_Work to be completed_
Would you please set down the lines of the data from the one containing "- P24: value" to the final line, exactly and only those?

_Raw data_

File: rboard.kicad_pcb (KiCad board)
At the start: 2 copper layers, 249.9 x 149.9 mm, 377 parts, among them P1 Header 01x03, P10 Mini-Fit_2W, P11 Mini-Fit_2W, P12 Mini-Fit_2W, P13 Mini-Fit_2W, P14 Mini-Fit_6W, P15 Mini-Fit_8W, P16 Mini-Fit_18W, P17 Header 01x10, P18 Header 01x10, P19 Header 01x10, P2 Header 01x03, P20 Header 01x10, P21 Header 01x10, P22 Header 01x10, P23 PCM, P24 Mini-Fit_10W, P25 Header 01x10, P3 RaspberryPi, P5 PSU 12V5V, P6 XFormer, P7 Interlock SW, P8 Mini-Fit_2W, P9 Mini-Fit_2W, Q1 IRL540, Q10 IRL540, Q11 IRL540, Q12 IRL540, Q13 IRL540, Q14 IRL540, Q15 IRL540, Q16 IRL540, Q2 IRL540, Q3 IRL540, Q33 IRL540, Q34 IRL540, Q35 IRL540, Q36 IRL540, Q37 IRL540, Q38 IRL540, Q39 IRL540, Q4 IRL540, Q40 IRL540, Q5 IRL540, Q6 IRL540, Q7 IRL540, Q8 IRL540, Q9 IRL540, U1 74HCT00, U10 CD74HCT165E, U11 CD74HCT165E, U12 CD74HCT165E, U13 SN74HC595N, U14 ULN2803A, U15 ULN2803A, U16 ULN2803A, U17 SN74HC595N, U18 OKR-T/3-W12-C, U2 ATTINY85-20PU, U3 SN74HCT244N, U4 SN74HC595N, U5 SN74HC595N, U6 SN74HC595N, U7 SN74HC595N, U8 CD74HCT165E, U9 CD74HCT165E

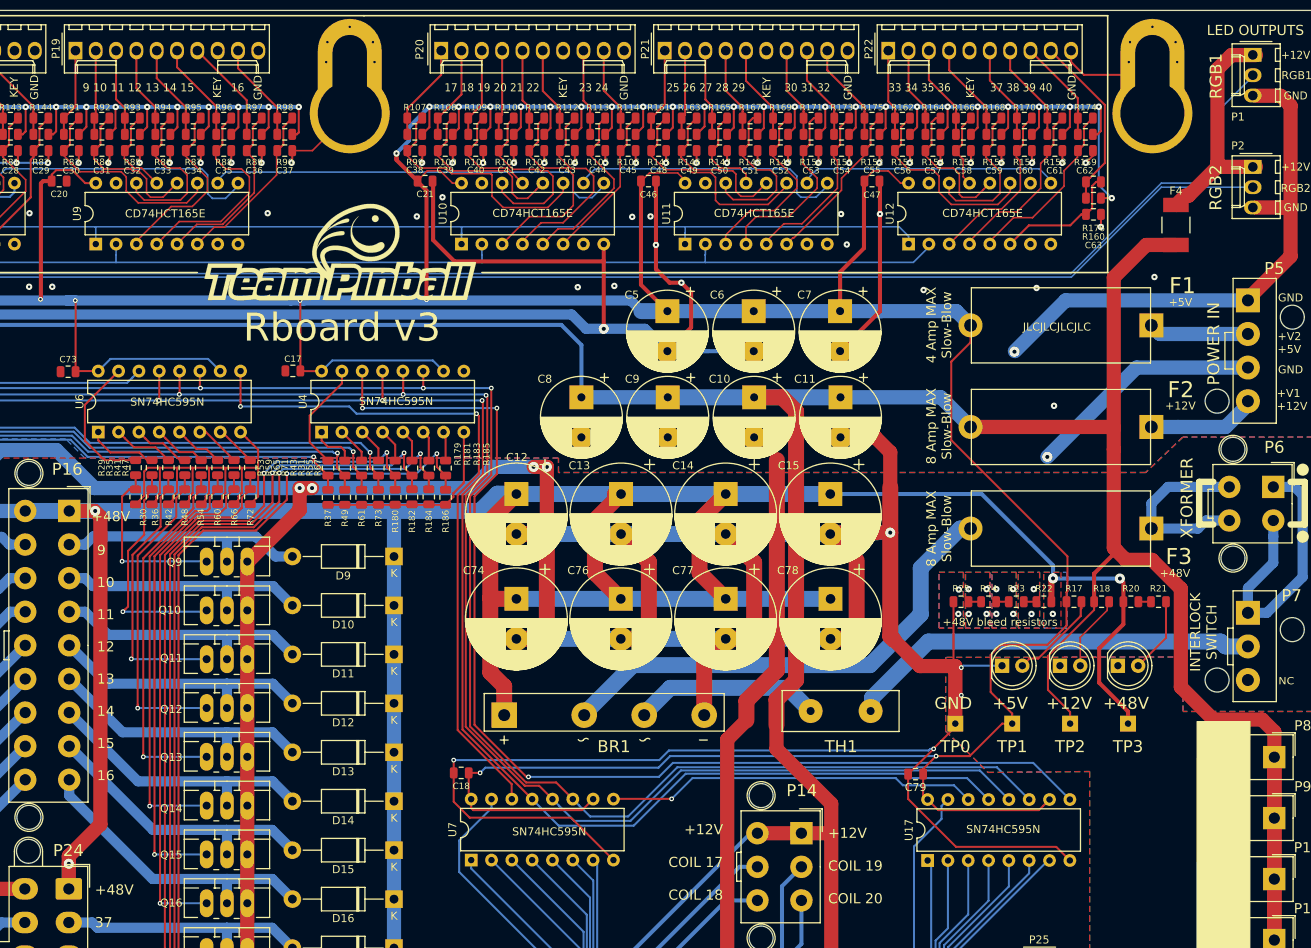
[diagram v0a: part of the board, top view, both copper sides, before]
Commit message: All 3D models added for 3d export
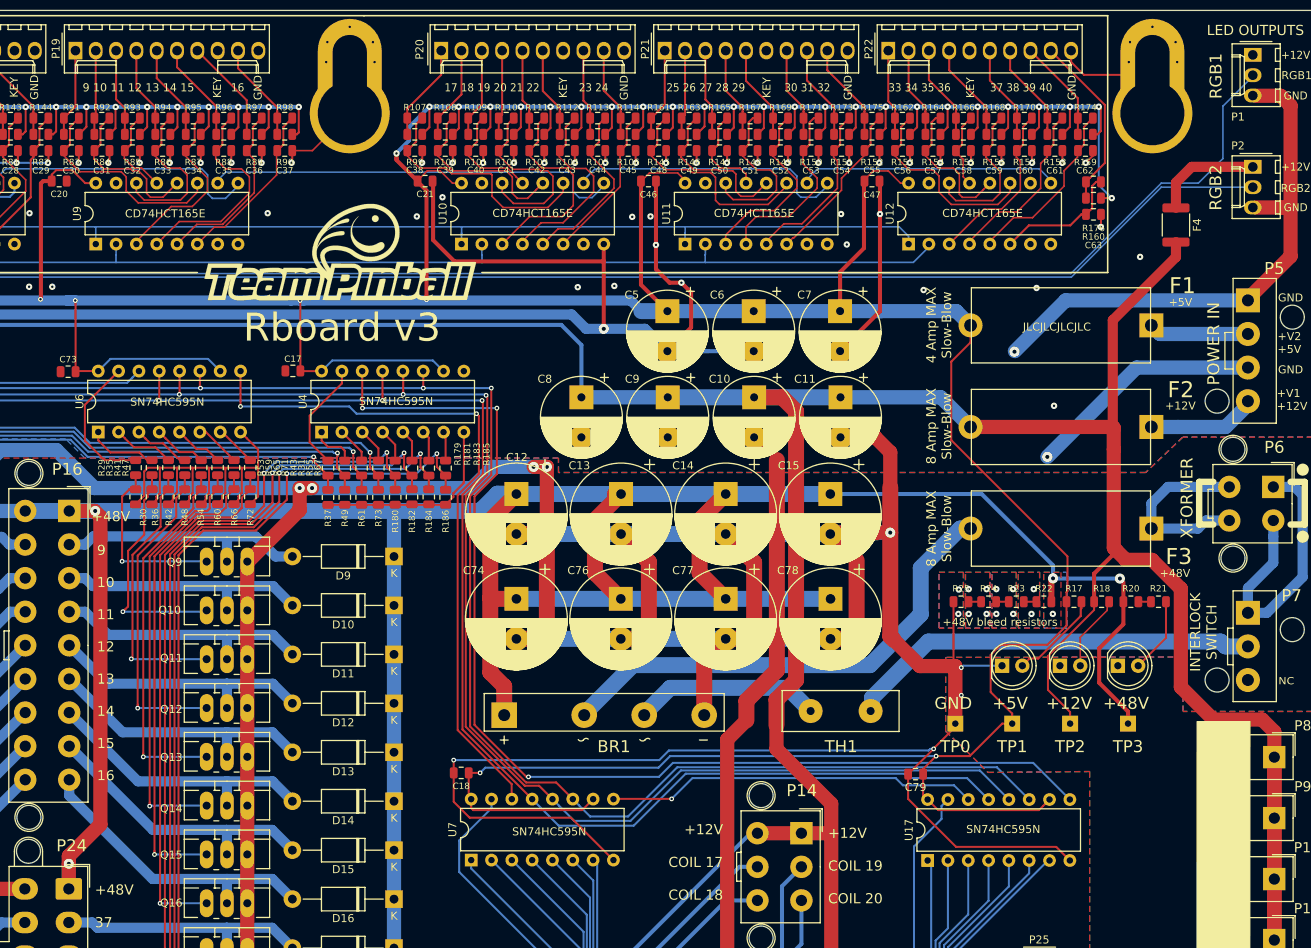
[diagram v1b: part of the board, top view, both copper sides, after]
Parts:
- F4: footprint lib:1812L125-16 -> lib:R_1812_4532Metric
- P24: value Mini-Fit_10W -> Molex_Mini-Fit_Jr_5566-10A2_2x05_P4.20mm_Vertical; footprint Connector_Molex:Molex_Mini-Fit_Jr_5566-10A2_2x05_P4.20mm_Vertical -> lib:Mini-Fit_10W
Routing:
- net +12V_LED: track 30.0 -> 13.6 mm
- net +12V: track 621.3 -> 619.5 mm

_Written reply_
- P24: value Mini-Fit_10W -> Molex_Mini-Fit_Jr_5566-10A2_2x05_P4.20mm_Vertical; footprint Connector_Molex:Molex_Mini-Fit_Jr_5566-10A2_2x05_P4.20mm_Vertical -> lib:Mini-Fit_10W
Routing:
- net +12V_LED: track 30.0 -> 13.6 mm
- net +12V: track 621.3 -> 619.5 mm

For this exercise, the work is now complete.